Suppose that the width $w$ and length $l$ are in rational proportion. That is, $r = \frac wl = \frac nm$ for some positive integers $m, n$, i.e., $nl = mw$. Also suppose that the slope of the initial line of travel of the ball is rational, say $s = \frac pq$ for integers $p, q > 0$ (if the original slope is negative, the picture can be flipped to make it positive).
If we "unravel" the path, we get instead a grid of $w \times l$ rectangles, and the path is now just a straight line. If the ball moves along that line from the starting point a distance of $qmw$ to the right, it will also move up by $pmw = pnl$. Because this is an exact multiple of the squares, the ball ends up in the same place it started, and heading in the same direction. So its future path is just repetitions of the path so far. The distance travelled per bounce will be the same for the entire path as for this first repetition.

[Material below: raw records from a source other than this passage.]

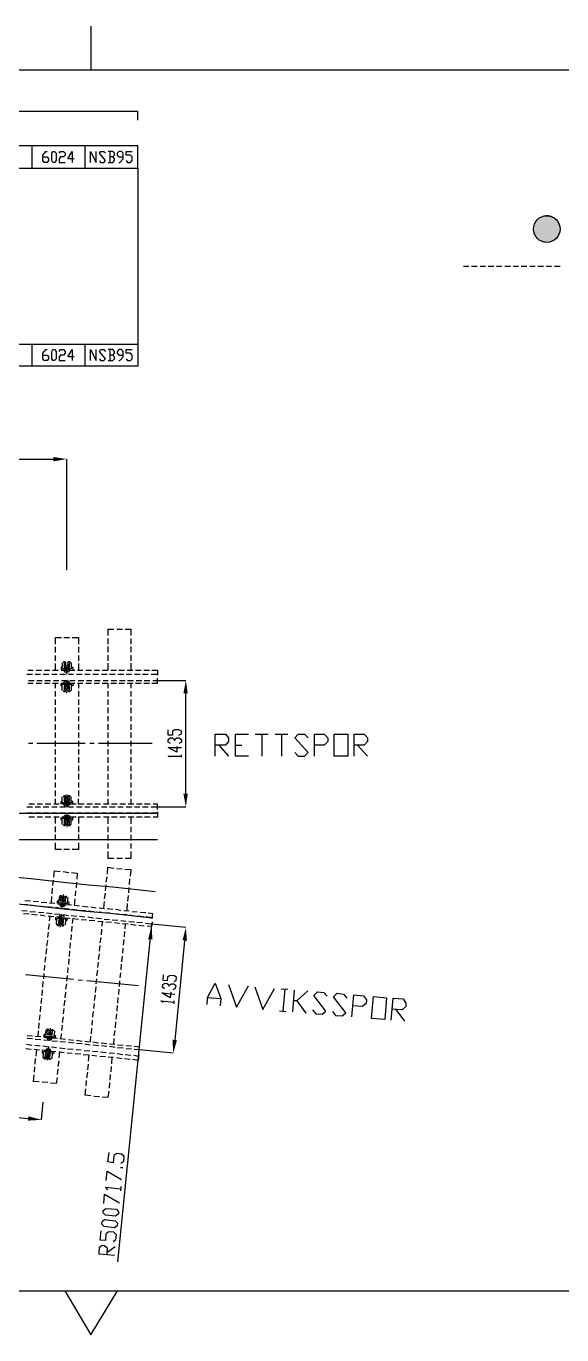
# Model space of a CAD drawing. Header units: millimetres. Extents: x -45 to 90, y -17 to 16.
# Drawn here: x 66.91 to 72.99, y -6.71 to 8.14 of the extents above; entities that cross this region are included whole.
import ezdxf

# ---------------------------------------------------------------- set-up
doc = ezdxf.new("R2010")
doc.units = ezdxf.units.MM
doc.layers.add('PDF_Geometry', color=7, linetype='Continuous')
doc.layers.add('PDF_Solid Fills', color=7, linetype='Continuous')

msp = doc.modelspace()

# ---------------------------------------------------------------- linework, layer by layer
at = {"color": 4}
for points in [[(58.571, -0.788), (68.4, -0.788)], [(66.649, -1.802), (66.928, -1.829), (67.299, -1.87), (67.588, -1.902), (67.863, -1.925), (68.34, -1.976)]]:
    msp.add_lwpolyline(points, dxfattribs=at)
at = {"color": 3}
for points in [[(58.571, -1.088), (68.4, -1.088)], [(66.678, -1.503), (66.959, -1.531), (67.333, -1.572), (67.617, -1.604), (67.891, -1.626), (68.372, -1.677)]]:
    msp.add_lwpolyline(points, dxfattribs=at)
at = {"layer": 'PDF_Geometry', "lineweight": 25}
for points in [[(67.643, 8.137), (67.643, 7.637)], [(68.175, 7.069), (68.175, 7.17), (58.026, 7.17), (58.026, 7.069)], [(58.461, 6.528), (68.175, 6.528), (68.175, 6.78), (58.461, 6.78), (58.461, 4.529), (68.175, 4.529), (68.175, 4.282), (65.172, 4.282), (65.172, 4.529)], [(66.974, 6.78), (66.974, 6.528)], [(67.098, 6.656), (67.148, 6.656), (67.162, 6.633), (67.162, 6.615), (67.148, 6.592), (67.112, 6.592), (67.098, 6.615), (67.098, 6.674), (67.13, 6.716), (67.148, 6.716)], [(67.281, 6.697), (67.299, 6.716), (67.332, 6.716), (67.35, 6.697), (67.35, 6.674), (67.332, 6.656), (67.299, 6.656), (67.281, 6.633), (67.281, 6.592), (67.35, 6.592)], [(67.451, 6.633), (67.382, 6.633), (67.432, 6.716), (67.432, 6.592)], [(67.575, 6.78), (67.575, 6.528)], [(67.639, 6.592), (67.639, 6.716), (67.703, 6.592), (67.703, 6.716)], [(67.74, 6.615), (67.753, 6.592), (67.79, 6.592), (67.808, 6.615), (67.74, 6.697), (67.753, 6.716), (67.79, 6.716), (67.808, 6.697)], [(67.891, 6.656), (67.909, 6.674), (67.909, 6.697), (67.891, 6.716), (67.84, 6.716)], [(67.859, 6.716), (67.859, 6.592)], [(67.96, 6.592), (67.973, 6.592), (68.01, 6.633), (68.01, 6.697), (67.992, 6.716), (67.96, 6.716), (67.941, 6.697), (67.941, 6.674), (67.96, 6.656), (68.01, 6.656)], [(68.042, 6.615), (68.06, 6.592), (68.093, 6.592), (68.111, 6.615), (68.111, 6.656), (68.093, 6.674), (68.042, 6.674), (68.042, 6.716), (68.111, 6.716)], [(67.84, 6.592), (67.891, 6.592), (67.909, 6.615), (67.909, 6.633), (67.891, 6.656), (67.859, 6.656)], [(68.175, 6.528), (68.175, 4.529)], [(71.874, 5.414), (71.934, 5.414)], [(71.966, 5.414), (72.03, 5.414)], [(72.062, 5.414), (72.122, 5.414)], [(72.154, 5.414), (72.218, 5.414)], [(72.25, 5.414), (72.31, 5.414)], [(72.342, 5.414), (72.406, 5.414)], [(72.438, 5.414), (72.498, 5.414)], [(72.53, 5.414), (72.594, 5.414)], [(72.626, 5.414), (72.686, 5.414)], [(72.718, 5.414), (72.782, 5.414)], [(72.814, 5.414), (72.874, 5.414)], [(72.906, 5.414), (72.97, 5.414)], [(66.974, 4.529), (66.974, 4.282)], [(67.098, 4.405), (67.148, 4.405), (67.162, 4.387), (67.162, 4.364), (67.148, 4.346), (67.112, 4.346), (67.098, 4.364), (67.098, 4.428), (67.13, 4.47), (67.148, 4.47)], [(67.281, 4.447), (67.299, 4.47), (67.332, 4.47), (67.35, 4.447), (67.35, 4.428), (67.332, 4.405), (67.299, 4.405), (67.281, 4.387), (67.281, 4.346), (67.35, 4.346)], [(67.451, 4.387), (67.382, 4.387), (67.432, 4.47), (67.432, 4.346)], [(67.575, 4.529), (67.575, 4.282)], [(67.639, 4.346), (67.639, 4.47), (67.703, 4.346), (67.703, 4.47)], [(67.74, 4.364), (67.753, 4.346), (67.79, 4.346), (67.808, 4.364), (67.74, 4.447), (67.753, 4.47), (67.79, 4.47), (67.808, 4.447)], [(67.891, 4.405), (67.909, 4.428), (67.909, 4.447), (67.891, 4.47), (67.84, 4.47)], [(67.859, 4.47), (67.859, 4.346)], [(67.96, 4.346), (67.973, 4.346), (68.01, 4.387), (68.01, 4.447), (67.992, 4.47), (67.96, 4.47), (67.941, 4.447), (67.941, 4.428), (67.96, 4.405), (68.01, 4.405)], [(68.042, 4.364), (68.06, 4.346), (68.093, 4.346), (68.111, 4.364), (68.111, 4.405), (68.093, 4.428), (68.042, 4.428), (68.042, 4.47), (68.111, 4.47)], [(67.84, 4.346), (67.891, 4.346), (67.909, 4.364), (67.909, 4.387), (67.891, 4.405), (67.859, 4.405)], [(65.718, 3.227), (67.217, 3.227)], [(67.368, 1.967), (67.368, 3.227)], [(67.24, 1.128), (67.24, 1.201), (67.309, 1.201)], [(67.336, 1.201), (67.4, 1.201)], [(67.432, 1.201), (67.501, 1.201), (67.501, 1.128)], [(67.84, 1.224), (67.84, 1.297), (67.905, 1.297)], [(67.84, 1.128), (67.84, 1.192)], [(67.937, 1.297), (68.001, 1.297)], [(68.033, 1.297), (68.097, 1.297), (68.097, 1.224)], [(68.097, 1.192), (68.097, 1.128)], [(67.24, 1.031), (67.24, 1.096)], [(67.501, 1.096), (67.501, 1.031)], [(67.84, 1.036), (67.84, 1.1)], [(68.097, 1.1), (68.097, 1.036)], [(67.24, 0.94), (67.24, 0.999)], [(67.24, 0.834), (67.24, 0.908)], [(67.318, 0.917), (67.318, 0.866), (67.304, 0.866), (67.304, 0.839)], [(67.354, 0.871), (67.354, 0.88), (67.359, 0.908), (67.359, 0.921), (67.35, 0.926), (67.336, 0.926), (67.327, 0.917)], [(67.341, 0.917), (67.341, 0.871), (67.4, 0.871), (67.4, 0.917)], [(67.414, 0.917), (67.405, 0.926), (67.391, 0.926), (67.382, 0.921), (67.377, 0.908), (67.387, 0.88), (67.387, 0.871)], [(67.419, 0.917), (67.419, 0.866), (67.437, 0.866), (67.437, 0.839)], [(67.501, 0.999), (67.501, 0.94)], [(67.501, 0.908), (67.501, 0.834)], [(67.84, 0.94), (67.84, 1.004)], [(67.84, 0.834), (67.84, 0.912)], [(68.097, 1.004), (68.097, 0.94)], [(68.097, 0.912), (68.097, 0.834)], [(66.914, 0.788), (66.979, 0.788)], [(66.928, 0.834), (66.988, 0.834)], [(67.011, 0.788), (67.07, 0.788)], [(67.02, 0.834), (67.084, 0.834)], [(67.102, 0.788), (67.167, 0.788)], [(67.116, 0.834), (67.176, 0.834)], [(67.199, 0.788), (67.258, 0.788)], [(67.208, 0.834), (67.272, 0.834)], [(67.29, 0.788), (67.354, 0.788)], [(67.304, 0.834), (67.364, 0.834)], [(67.419, 0.866), (67.419, 0.848), (67.4, 0.843), (67.4, 0.857), (67.396, 0.857), (67.396, 0.825), (67.387, 0.811), (67.35, 0.811), (67.341, 0.825), (67.341, 0.857), (67.341, 0.843), (67.318, 0.848), (67.318, 0.866)], [(67.341, 0.857), (67.396, 0.857)], [(67.354, 0.857), (67.354, 0.839), (67.359, 0.83), (67.368, 0.825), (67.382, 0.83), (67.387, 0.839), (67.387, 0.857)], [(67.377, 0.88), (67.373, 0.885), (67.368, 0.885), (67.364, 0.88)], [(67.368, 0.788), (67.368, 0.802), (67.368, 0.816), (67.368, 0.83), (67.368, 0.843)], [(67.387, 0.788), (67.446, 0.788)], [(67.396, 0.834), (67.46, 0.834)], [(67.478, 0.788), (67.542, 0.788)], [(67.492, 0.834), (67.552, 0.834)], [(67.575, 0.788), (67.634, 0.788)], [(67.584, 0.834), (67.648, 0.834)], [(67.666, 0.788), (67.73, 0.788)], [(67.68, 0.834), (67.74, 0.834)], [(67.762, 0.788), (67.827, 0.788)], [(67.772, 0.834), (67.836, 0.834)], [(67.854, 0.788), (67.918, 0.788)], [(67.868, 0.834), (67.932, 0.834)], [(67.95, 0.788), (68.015, 0.788)], [(67.96, 0.834), (68.024, 0.834)], [(68.042, 0.788), (68.106, 0.788)], [(68.056, 0.834), (68.12, 0.834)], [(68.138, 0.788), (68.203, 0.788)], [(68.148, 0.834), (68.212, 0.834)], [(68.23, 0.788), (68.294, 0.788)], [(68.244, 0.834), (68.308, 0.834)], [(68.326, 0.788), (68.4, 0.788)], [(68.335, 0.834), (68.4, 0.834), (68.4, 0.775)], [(68.335, 0.683), (68.4, 0.683), (68.4, 0.743)], [(66.928, 0.683), (66.988, 0.683)], [(66.933, 0.715), (66.997, 0.715)], [(67.02, 0.683), (67.084, 0.683)], [(67.029, 0.715), (67.088, 0.715)], [(67.116, 0.683), (67.176, 0.683)], [(67.121, 0.715), (67.185, 0.715)], [(67.208, 0.683), (67.272, 0.683)], [(67.217, 0.715), (67.277, 0.715)], [(67.24, 0.628), (67.24, 0.683)], [(67.24, 0.532), (67.24, 0.596)], [(67.318, 0.601), (67.318, 0.656), (67.304, 0.656), (67.304, 0.683), (67.364, 0.683)], [(67.309, 0.715), (67.373, 0.715), (67.368, 0.715), (67.368, 0.706), (67.368, 0.701), (67.368, 0.692), (67.368, 0.688), (67.368, 0.678), (67.368, 0.669), (67.368, 0.665), (67.368, 0.656), (67.368, 0.651), (67.368, 0.642), (67.368, 0.637), (67.368, 0.628), (67.368, 0.623), (67.368, 0.614)], [(67.318, 0.656), (67.318, 0.674), (67.341, 0.674), (67.341, 0.665), (67.341, 0.697), (67.35, 0.711), (67.387, 0.711), (67.396, 0.697), (67.396, 0.665)], [(67.327, 0.601), (67.336, 0.591), (67.35, 0.591), (67.359, 0.601), (67.359, 0.614), (67.354, 0.642), (67.354, 0.646)], [(67.341, 0.665), (67.396, 0.665), (67.4, 0.665), (67.4, 0.674), (67.419, 0.674), (67.419, 0.656)], [(67.4, 0.601), (67.4, 0.651), (67.341, 0.651), (67.341, 0.601)], [(67.387, 0.665), (67.387, 0.683), (67.382, 0.692), (67.368, 0.697), (67.359, 0.692), (67.354, 0.683), (67.354, 0.665)], [(67.364, 0.637), (67.368, 0.633), (67.373, 0.633), (67.377, 0.637)], [(67.368, 0.601), (67.368, 0.61)], [(67.368, 0.587), (67.368, 0.596)], [(67.387, 0.646), (67.387, 0.642), (67.377, 0.614), (67.382, 0.601), (67.391, 0.591), (67.405, 0.591), (67.414, 0.601)], [(67.396, 0.683), (67.46, 0.683)], [(67.405, 0.715), (67.464, 0.715)], [(67.437, 0.683), (67.437, 0.656), (67.419, 0.656), (67.419, 0.601)], [(67.492, 0.683), (67.552, 0.683)], [(67.497, 0.715), (67.561, 0.715)], [(67.501, 0.683), (67.501, 0.628)], [(67.501, 0.596), (67.501, 0.532)], [(67.584, 0.683), (67.648, 0.683)], [(67.593, 0.715), (67.652, 0.715)], [(67.68, 0.683), (67.74, 0.683)], [(67.685, 0.715), (67.749, 0.715)], [(67.772, 0.683), (67.836, 0.683)], [(67.781, 0.715), (67.84, 0.715)], [(67.84, 0.628), (67.84, 0.683)], [(67.84, 0.532), (67.84, 0.596)], [(67.868, 0.683), (67.932, 0.683)], [(67.872, 0.715), (67.937, 0.715)], [(67.96, 0.683), (68.024, 0.683)], [(67.969, 0.715), (68.033, 0.715)], [(68.056, 0.683), (68.12, 0.683)], [(68.06, 0.715), (68.125, 0.715)], [(68.097, 0.683), (68.097, 0.628)], [(68.097, 0.596), (68.097, 0.532)], [(68.148, 0.683), (68.212, 0.683)], [(68.157, 0.715), (68.221, 0.715)], [(68.244, 0.683), (68.308, 0.683)], [(68.248, 0.715), (68.313, 0.715)], [(68.345, 0.715), (68.4, 0.715), (68.721, 0.715)], [(67.24, 0.44), (67.24, 0.5)], [(67.368, 0.573), (67.368, 0.582)], [(67.501, 0.5), (67.501, 0.44)], [(67.84, 0.44), (67.84, 0.5)], [(68.097, 0.5), (68.097, 0.44)], [(68.721, -0.568), (68.721, 0.568)], [(67.24, 0.344), (67.24, 0.408)], [(67.24, 0.252), (67.24, 0.312)], [(67.501, 0.408), (67.501, 0.344)], [(67.501, 0.312), (67.501, 0.252)], [(67.84, 0.344), (67.84, 0.408)], [(67.84, 0.252), (67.84, 0.312)], [(68.097, 0.408), (68.097, 0.344)], [(68.097, 0.312), (68.097, 0.252)], [(67.24, 0.156), (67.24, 0.22)], [(67.501, 0.22), (67.501, 0.156)], [(67.84, 0.156), (67.84, 0.22)], [(68.097, 0.22), (68.097, 0.156)], [(68.643, 0.096), (68.67, 0.11), (68.67, 0.142), (68.643, 0.156), (68.592, 0.156), (68.569, 0.142), (68.569, 0.096), (68.519, 0.096), (68.519, 0.156)], [(66.983, 0), (66.933, 0)], [(67.579, 0), (67.029, 0)], [(67.24, 0.064), (67.24, 0.124)], [(67.24, -0.032), (67.24, 0.032)], [(67.501, 0.124), (67.501, 0.064)], [(67.501, 0.032), (67.501, -0.032)], [(67.68, 0), (67.63, 0)], [(68.34, 0), (67.73, 0)], [(67.84, 0.064), (67.84, 0.124)], [(67.84, -0.032), (67.84, 0.032)], [(68.097, 0.124), (68.097, 0.064)], [(68.097, 0.032), (68.097, -0.032)], [(68.546, 0), (68.519, 0.014), (68.519, 0.046), (68.546, 0.064), (68.569, 0.064), (68.592, 0.046), (68.592, 0.032)], [(68.592, 0.046), (68.62, 0.064), (68.643, 0.064), (68.67, 0.046), (68.67, 0.014), (68.643, 0)], [(69.055, -0.142), (69.055, 0.105), (69.17, 0.105), (69.206, 0.064), (69.206, 0.023), (69.17, -0.018), (69.055, -0.018)], [(69.431, -0.142), (69.284, -0.142), (69.284, 0.105), (69.431, 0.105)], [(69.509, 0.105), (69.656, 0.105)], [(69.582, 0.105), (69.582, -0.142)], [(69.734, 0.105), (69.88, 0.105)], [(69.807, 0.105), (69.807, -0.142)], [(69.958, -0.101), (69.995, -0.142), (70.068, -0.142), (70.11, -0.101), (69.958, 0.064), (69.995, 0.105), (70.068, 0.105), (70.11, 0.064)], [(70.183, -0.142), (70.183, 0.105), (70.293, 0.105), (70.334, 0.064), (70.334, 0.023), (70.293, -0.018), (70.183, -0.018)], [(70.632, -0.142), (70.632, 0.105), (70.747, 0.105), (70.783, 0.064), (70.783, 0.023), (70.747, -0.018), (70.632, -0.018)], [(67.24, -0.124), (67.24, -0.064)], [(67.501, -0.064), (67.501, -0.124)], [(67.84, -0.124), (67.84, -0.064)], [(68.097, -0.064), (68.097, -0.124)], [(68.62, -0.032), (68.62, -0.096), (68.519, -0.046), (68.67, -0.046)], [(68.546, -0.156), (68.519, -0.142), (68.67, -0.142)], [(68.67, -0.156), (68.67, -0.128)], [(69.096, -0.018), (69.206, -0.142)], [(69.284, -0.018), (69.358, -0.018)], [(70.669, -0.018), (70.783, -0.142)], [(67.24, -0.22), (67.24, -0.156)], [(67.24, -0.312), (67.24, -0.252)], [(67.501, -0.156), (67.501, -0.22)], [(67.501, -0.252), (67.501, -0.312)], [(67.84, -0.22), (67.84, -0.156)], [(67.84, -0.312), (67.84, -0.252)], [(68.097, -0.156), (68.097, -0.22)], [(68.097, -0.252), (68.097, -0.312)], [(67.24, -0.408), (67.24, -0.344)], [(67.24, -0.5), (67.24, -0.44)], [(67.501, -0.344), (67.501, -0.408)], [(67.501, -0.44), (67.501, -0.5)], [(67.84, -0.408), (67.84, -0.344)], [(67.84, -0.5), (67.84, -0.44)], [(68.097, -0.344), (68.097, -0.408)], [(68.097, -0.44), (68.097, -0.5)], [(67.24, -0.596), (67.24, -0.532)], [(67.354, -0.651), (67.354, -0.642), (67.359, -0.614), (67.359, -0.601), (67.35, -0.591), (67.336, -0.596), (67.327, -0.605)], [(67.368, -0.578), (67.368, -0.582), (67.368, -0.587), (67.368, -0.596), (67.368, -0.601), (67.368, -0.61), (67.368, -0.614), (67.368, -0.623)], [(67.414, -0.605), (67.405, -0.596), (67.391, -0.591), (67.382, -0.601), (67.377, -0.614), (67.387, -0.642), (67.387, -0.651)], [(67.501, -0.532), (67.501, -0.596)], [(67.84, -0.596), (67.84, -0.532)], [(68.097, -0.532), (68.097, -0.596)], [(66.979, -0.72), (66.914, -0.72)], [(67.001, -0.688), (66.937, -0.688)], [(67.07, -0.72), (67.011, -0.72)], [(67.093, -0.688), (67.034, -0.688)], [(67.167, -0.72), (67.102, -0.72)], [(67.189, -0.688), (67.125, -0.688)], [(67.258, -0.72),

For that first repetition, the distance travelled is $\sqrt{(qmw)^2 + (pmw)^2} = qmw \sqrt{1 + s^2}$. And the path crosses $qm + pn$ gridlines, or in the original view $qm + pn$ bounces (if the path intersects a vertex, that counts as a double-bounce). So the average distance per bounce is
$$\frac{qmw\sqrt{1+s^2}}{qm + pn} = w \frac{\sqrt{1 + s^2}}{1 + rs}$$
Treating that expression as a function of $s$, we see that it equals
- $w$ when $s = 0$
- $\frac wr = l$ when $s \to \infty$
as would be expected. Also, it has a critical point when $s = r$, where the average distance per bounce is $$\frac w{\sqrt{1 + r^2}} = \frac {wl}{\sqrt{w^2 + l^2}}$$
Because irrationals can be approximated by rationals to any desired accuracy, these three values will also be the limits more generally: The mean distance between bounces tends towards a value between the minimum and maximum values of $\left\{ w, l,\frac {wl}{\sqrt{w^2 + l^2}}\right\}$.